→ Exercise aim
Please write out all of the data below exactly, without including the pictures.

→ Input for this task
::::::::::
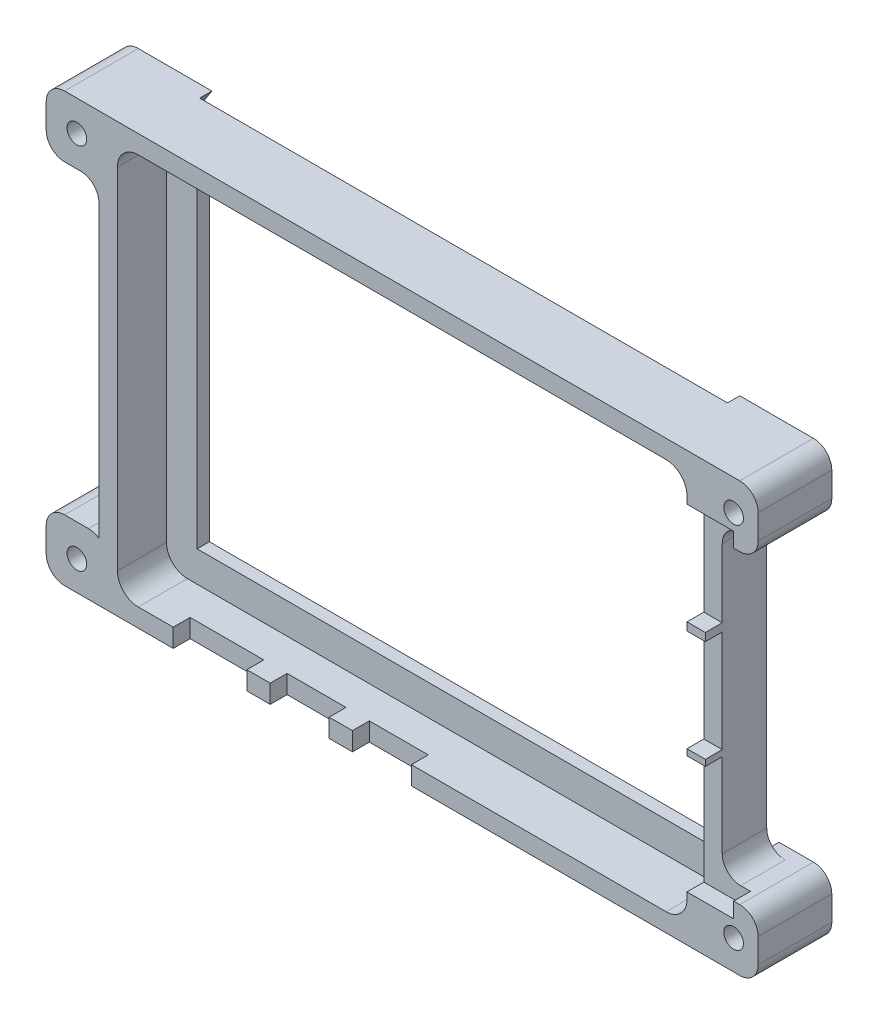
from build123d import *

# Parameters (mm, degrees)
FRAME_HEIGHT_8_DEPTH              = 8
FRAME_HEIGHT_8_DEPTH_BACK         = 2
FRAMEOUTSIDE_W                    = 98.8
FRAMEOUTSIDE_H                    = 69.8
OUTSIDE_R6P4_R                    = 6.4
FRAMEINSIDE_W                     = 92.8
FRAMEINSIDE_H                     = 63.8
OPEN_THROUGH_FRAME_DEPTH          = 8.3
INSIDE_R3P4_R                     = 3.4
INTEGRAL_EARS_4X3P2_DEPTH         = 8
INTEGRAL_EARS_4X3P2_DEPTH_BACK    = 4
FOUR_CORNER_EARS_R2_PITCH110X80_R = 1.6
OPEN_TOP_CABLE_RELIEFS_START      = 5.25
PLUG_CLEARANCE_PROFILES_W         = 12
PLUG_CLEARANCE_PROFILES_H         = 8
PLUG_CLEARANCE_PROFILES_W_2       = 9.6
PLUG_CLEARANCE_PROFILES_W_3       = 8.5
PLUG_CLEARANCE_PROFILES_H_2       = 19.2
PLUG_CLEARANCE_PROFILES_H_3       = 16.6
OPEN_TOP_CABLE_RELIEFS_DEPTH      = 3.25
FILLET_1_R                        = 3
SKETCH_1_W                        = 82.8
SKETCH_1_H                        = 53.8
CUT_EXTRUDE_1_DEPTH               = 10


with BuildPart() as part:
    # FrameOutside → Frame_Height_8 (new, two sides: drawn at the far end of the back side and taken through both)
    with BuildSketch(Plane.XY.offset(-FRAME_HEIGHT_8_DEPTH_BACK)):
        Rectangle(FRAMEOUTSIDE_W, FRAMEOUTSIDE_H)
    extrude(amount=FRAME_HEIGHT_8_DEPTH + FRAME_HEIGHT_8_DEPTH_BACK)

    # Outside_R6p4
    outside_r6p4_edges = [part.edges().sort_by_distance(p)[0] for p in [
        (49.4, 34.9, 3),
        (49.4, -34.9, 3),
        (-49.4, 34.9, 3),
        (-49.4, -34.9, 3),
    ]]
    fillet(outside_r6p4_edges, radius=OUTSIDE_R6P4_R)

    # FrameInside → Open_Through_Frame (cut)
    with BuildSketch(Plane.XY):
        Rectangle(FRAMEINSIDE_W, FRAMEINSIDE_H)
    extrude(amount=OPEN_THROUGH_FRAME_DEPTH, mode=Mode.SUBTRACT)

    # Inside_R3p4
    inside_r3p4_edges = [part.edges().sort_by_distance(p)[0] for p in [
        (46.4, 31.9, 4),
        (46.4, -31.9, 4),
        (-46.4, 31.9, 4),
        (-46.4, -31.9, 4),
    ]]
    fillet(inside_r3p4_edges, radius=INSIDE_R3P4_R)

    # Four_Corner_Ears_R2_Pitch110x80 → Integral_Ears_4x3p2 (add, two sides: drawn at the far end of the back side and taken through both)
    # profile 1 of 4: a face of its own
    with BuildSketch(Plane.XY.offset(-INTEGRAL_EARS_4X3P2_DEPTH_BACK)):
        Polygon((43, 34.9), (58, 34.9), (58, 24.9), (49.4, 24.9), align=None)
        with Locations((54, 29.9)):
            Circle(FOUR_CORNER_EARS_R2_PITCH110X80_R, mode=Mode.SUBTRACT)
    # profile 2 of 4: a face of its own
    with BuildSketch(Plane.XY.offset(-INTEGRAL_EARS_4X3P2_DEPTH_BACK)):
        Polygon((43, -34.9), (58, -34.9), (58, -24.9), (49.4, -24.9), align=None)
        with Locations((54, -30.1)):
            Circle(FOUR_CORNER_EARS_R2_PITCH110X80_R, mode=Mode.SUBTRACT)
    # profile 3 of 4: a face of its own
    with BuildSketch(Plane.XY.offset(-INTEGRAL_EARS_4X3P2_DEPTH_BACK)):
        Polygon((-43, -34.9), (-58, -34.9), (-58, -24.9), (-49.480769769, -24.9), align=None)
        with Locations((-53, -30.1)):
            Circle(FOUR_CORNER_EARS_R2_PITCH110X80_R, mode=Mode.SUBTRACT)
    # profile 4 of 4: a face of its own
    with BuildSketch(Plane.XY.offset(-INTEGRAL_EARS_4X3P2_DEPTH_BACK)):
        Polygon((-43, 34.9), (-58, 34.9), (-58, 24.9), (-49.4, 24.9), align=None)
        with Locations((-53, 29.9)):
            Circle(FOUR_CORNER_EARS_R2_PITCH110X80_R, mode=Mode.SUBTRACT)
    extrude(amount=INTEGRAL_EARS_4X3P2_DEPTH + INTEGRAL_EARS_4X3P2_DEPTH_BACK)

    # Plug_Clearance_Profiles → Open_Top_Cable_Reliefs (cut)
    with BuildSketch(Plane.XY.offset(OPEN_TOP_CABLE_RELIEFS_START)):
        with Locations((-31.3, -35)):
            Rectangle(PLUG_CLEARANCE_PROFILES_W, PLUG_CLEARANCE_PROFILES_H)
        with Locations((-16.7, -35)):
            Rectangle(PLUG_CLEARANCE_PROFILES_W_2, PLUG_CLEARANCE_PROFILES_H)
        with Locations((-3.3, -35)):
            Rectangle(PLUG_CLEARANCE_PROFILES_W_2, PLUG_CLEARANCE_PROFILES_H)
        with Locations((49.75, -17.8)):
            Rectangle(PLUG_CLEARANCE_PROFILES_W_3, PLUG_CLEARANCE_PROFILES_H_2)
        with Locations((49.75, 1.1)):
            Rectangle(PLUG_CLEARANCE_PROFILES_W_3, PLUG_CLEARANCE_PROFILES_H_3)
        with Locations((49.75, 19)):
            Rectangle(PLUG_CLEARANCE_PROFILES_W_3, PLUG_CLEARANCE_PROFILES_H_3)
    extrude(amount=OPEN_TOP_CABLE_RELIEFS_DEPTH, mode=Mode.SUBTRACT)

    # 圆角1
    fillet_1_edges = [part.edges().sort_by_distance(p)[0] for p in [
        (-49.4, 24.9, 3),
        (49.4, -24.9, 1.625),
        (49.4, 24.9, 1.625),
    ]]
    fillet(fillet_1_edges, radius=FILLET_1_R)
    fillet_1_2_edges = [part.edges().sort_by_distance(p)[0] for p in [
        (-58, 34.9, 2),
        (-58, 24.9, 2),
        (-49.480769769, -24.9, 2),
        (-58, -24.9, 2),
        (-58, -34.9, 2),
        (58, -24.9, 2),
        (58, -34.9, 2),
        (58, 24.9, 2),
        (58, 34.9, 2),
    ]]
    fillet(fillet_1_2_edges, radius=FILLET_1_R)

    # 草图1 → 切除-拉伸1 (cut)
    with BuildSketch(Plane.XY):
        Rectangle(SKETCH_1_W, SKETCH_1_H)
    extrude(amount=-CUT_EXTRUDE_1_DEPTH, mode=Mode.SUBTRACT)


solid = part.part
::::::::::
→ Exercise response
from build123d import *

# Parameters (mm, degrees)
FRAME_HEIGHT_8_DEPTH              = 8
FRAME_HEIGHT_8_DEPTH_BACK         = 2
FRAMEOUTSIDE_W                    = 98.8
FRAMEOUTSIDE_H                    = 69.8
OUTSIDE_R6P4_R                    = 6.4
FRAMEINSIDE_W                     = 92.8
FRAMEINSIDE_H                     = 63.8
OPEN_THROUGH_FRAME_DEPTH          = 8.3
INSIDE_R3P4_R                     = 3.4
INTEGRAL_EARS_4X3P2_DEPTH         = 8
INTEGRAL_EARS_4X3P2_DEPTH_BACK    = 4
FOUR_CORNER_EARS_R2_PITCH110X80_R = 1.6
OPEN_TOP_CABLE_RELIEFS_START      = 5.25
PLUG_CLEARANCE_PROFILES_W         = 12
PLUG_CLEARANCE_PROFILES_H         = 8
PLUG_CLEARANCE_PROFILES_W_2       = 9.6
PLUG_CLEARANCE_PROFILES_W_3       = 8.5
PLUG_CLEARANCE_PROFILES_H_2       = 19.2
PLUG_CLEARANCE_PROFILES_H_3       = 16.6
OPEN_TOP_CABLE_RELIEFS_DEPTH      = 3.25
FILLET_1_R                        = 3
SKETCH_1_W                        = 82.8
SKETCH_1_H                        = 53.8
CUT_EXTRUDE_1_DEPTH               = 10


with BuildPart() as part:
    # FrameOutside → Frame_Height_8 (new, two sides: drawn at the far end of the back side and taken through both)
    with BuildSketch(Plane.XY.offset(-FRAME_HEIGHT_8_DEPTH_BACK)):
        Rectangle(FRAMEOUTSIDE_W, FRAMEOUTSIDE_H)
    extrude(amount=FRAME_HEIGHT_8_DEPTH + FRAME_HEIGHT_8_DEPTH_BACK)

    # Outside_R6p4
    outside_r6p4_edges = [part.edges().sort_by_distance(p)[0] for p in [
        (49.4, 34.9, 3),
        (49.4, -34.9, 3),
        (-49.4, 34.9, 3),
        (-49.4, -34.9, 3),
    ]]
    fillet(outside_r6p4_edges, radius=OUTSIDE_R6P4_R)

    # FrameInside → Open_Through_Frame (cut)
    with BuildSketch(Plane.XY):
        Rectangle(FRAMEINSIDE_W, FRAMEINSIDE_H)
    extrude(amount=OPEN_THROUGH_FRAME_DEPTH, mode=Mode.SUBTRACT)

    # Inside_R3p4
    inside_r3p4_edges = [part.edges().sort_by_distance(p)[0] for p in [
        (46.4, 31.9, 4),
        (46.4, -31.9, 4),
        (-46.4, 31.9, 4),
        (-46.4, -31.9, 4),
    ]]
    fillet(inside_r3p4_edges, radius=INSIDE_R3P4_R)

    # Four_Corner_Ears_R2_Pitch110x80 → Integral_Ears_4x3p2 (add, two sides: drawn at the far end of the back side and taken through both)
    # profile 1 of 4: a face of its own
    with BuildSketch(Plane.XY.offset(-INTEGRAL_EARS_4X3P2_DEPTH_BACK)):
        Polygon((43, 34.9), (58, 34.9), (58, 24.9), (49.4, 24.9), align=None)
        with Locations((54, 29.9)):
            Circle(FOUR_CORNER_EARS_R2_PITCH110X80_R, mode=Mode.SUBTRACT)
    # profile 2 of 4: a face of its own
    with BuildSketch(Plane.XY.offset(-INTEGRAL_EARS_4X3P2_DEPTH_BACK)):
        Polygon((43, -34.9), (58, -34.9), (58, -24.9), (49.4, -24.9), align=None)
        with Locations((54, -30.1)):
            Circle(FOUR_CORNER_EARS_R2_PITCH110X80_R, mode=Mode.SUBTRACT)
    # profile 3 of 4: a face of its own
    with BuildSketch(Plane.XY.offset(-INTEGRAL_EARS_4X3P2_DEPTH_BACK)):
        Polygon((-43, -34.9), (-58, -34.9), (-58, -24.9), (-49.480769769, -24.9), align=None)
        with Locations((-53, -30.1)):
            Circle(FOUR_CORNER_EARS_R2_PITCH110X80_R, mode=Mode.SUBTRACT)
    # profile 4 of 4: a face of its own
    with BuildSketch(Plane.XY.offset(-INTEGRAL_EARS_4X3P2_DEPTH_BACK)):
        Polygon((-43, 34.9), (-58, 34.9), (-58, 24.9), (-49.4, 24.9), align=None)
        with Locations((-53, 29.9)):
            Circle(FOUR_CORNER_EARS_R2_PITCH110X80_R, mode=Mode.SUBTRACT)
    extrude(amount=INTEGRAL_EARS_4X3P2_DEPTH + INTEGRAL_EARS_4X3P2_DEPTH_BACK)

    # Plug_Clearance_Profiles → Open_Top_Cable_Reliefs (cut)
    with BuildSketch(Plane.XY.offset(OPEN_TOP_CABLE_RELIEFS_START)):
        with Locations((-31.3, -35)):
            Rectangle(PLUG_CLEARANCE_PROFILES_W, PLUG_CLEARANCE_PROFILES_H)
        with Locations((-16.7, -35)):
            Rectangle(PLUG_CLEARANCE_PROFILES_W_2, PLUG_CLEARANCE_PROFILES_H)
        with Locations((-3.3, -35)):
            Rectangle(PLUG_CLEARANCE_PROFILES_W_2, PLUG_CLEARANCE_PROFILES_H)
        with Locations((49.75, -17.8)):
            Rectangle(PLUG_CLEARANCE_PROFILES_W_3, PLUG_CLEARANCE_PROFILES_H_2)
        with Locations((49.75, 1.1)):
            Rectangle(PLUG_CLEARANCE_PROFILES_W_3, PLUG_CLEARANCE_PROFILES_H_3)
        with Locations((49.75, 19)):
            Rectangle(PLUG_CLEARANCE_PROFILES_W_3, PLUG_CLEARANCE_PROFILES_H_3)
    extrude(amount=OPEN_TOP_CABLE_RELIEFS_DEPTH, mode=Mode.SUBTRACT)

    # 圆角1
    fillet_1_edges = [part.edges().sort_by_distance(p)[0] for p in [
        (-49.4, 24.9, 3),
        (49.4, -24.9, 1.625),
        (49.4, 24.9, 1.625),
    ]]
    fillet(fillet_1_edges, radius=FILLET_1_R)
    fillet_1_2_edges = [part.edges().sort_by_distance(p)[0] for p in [
        (-58, 34.9, 2),
        (-58, 24.9, 2),
        (-49.480769769, -24.9, 2),
        (-58, -24.9, 2),
        (-58, -34.9, 2),
        (58, -24.9, 2),
        (58, -34.9, 2),
        (58, 24.9, 2),
        (58, 34.9, 2),
    ]]
    fillet(fillet_1_2_edges, radius=FILLET_1_R)

    # 草图1 → 切除-拉伸1 (cut)
    with BuildSketch(Plane.XY):
        Rectangle(SKETCH_1_W, SKETCH_1_H)
    extrude(amount=-CUT_EXTRUDE_1_DEPTH, mode=Mode.SUBTRACT)


solid = part.part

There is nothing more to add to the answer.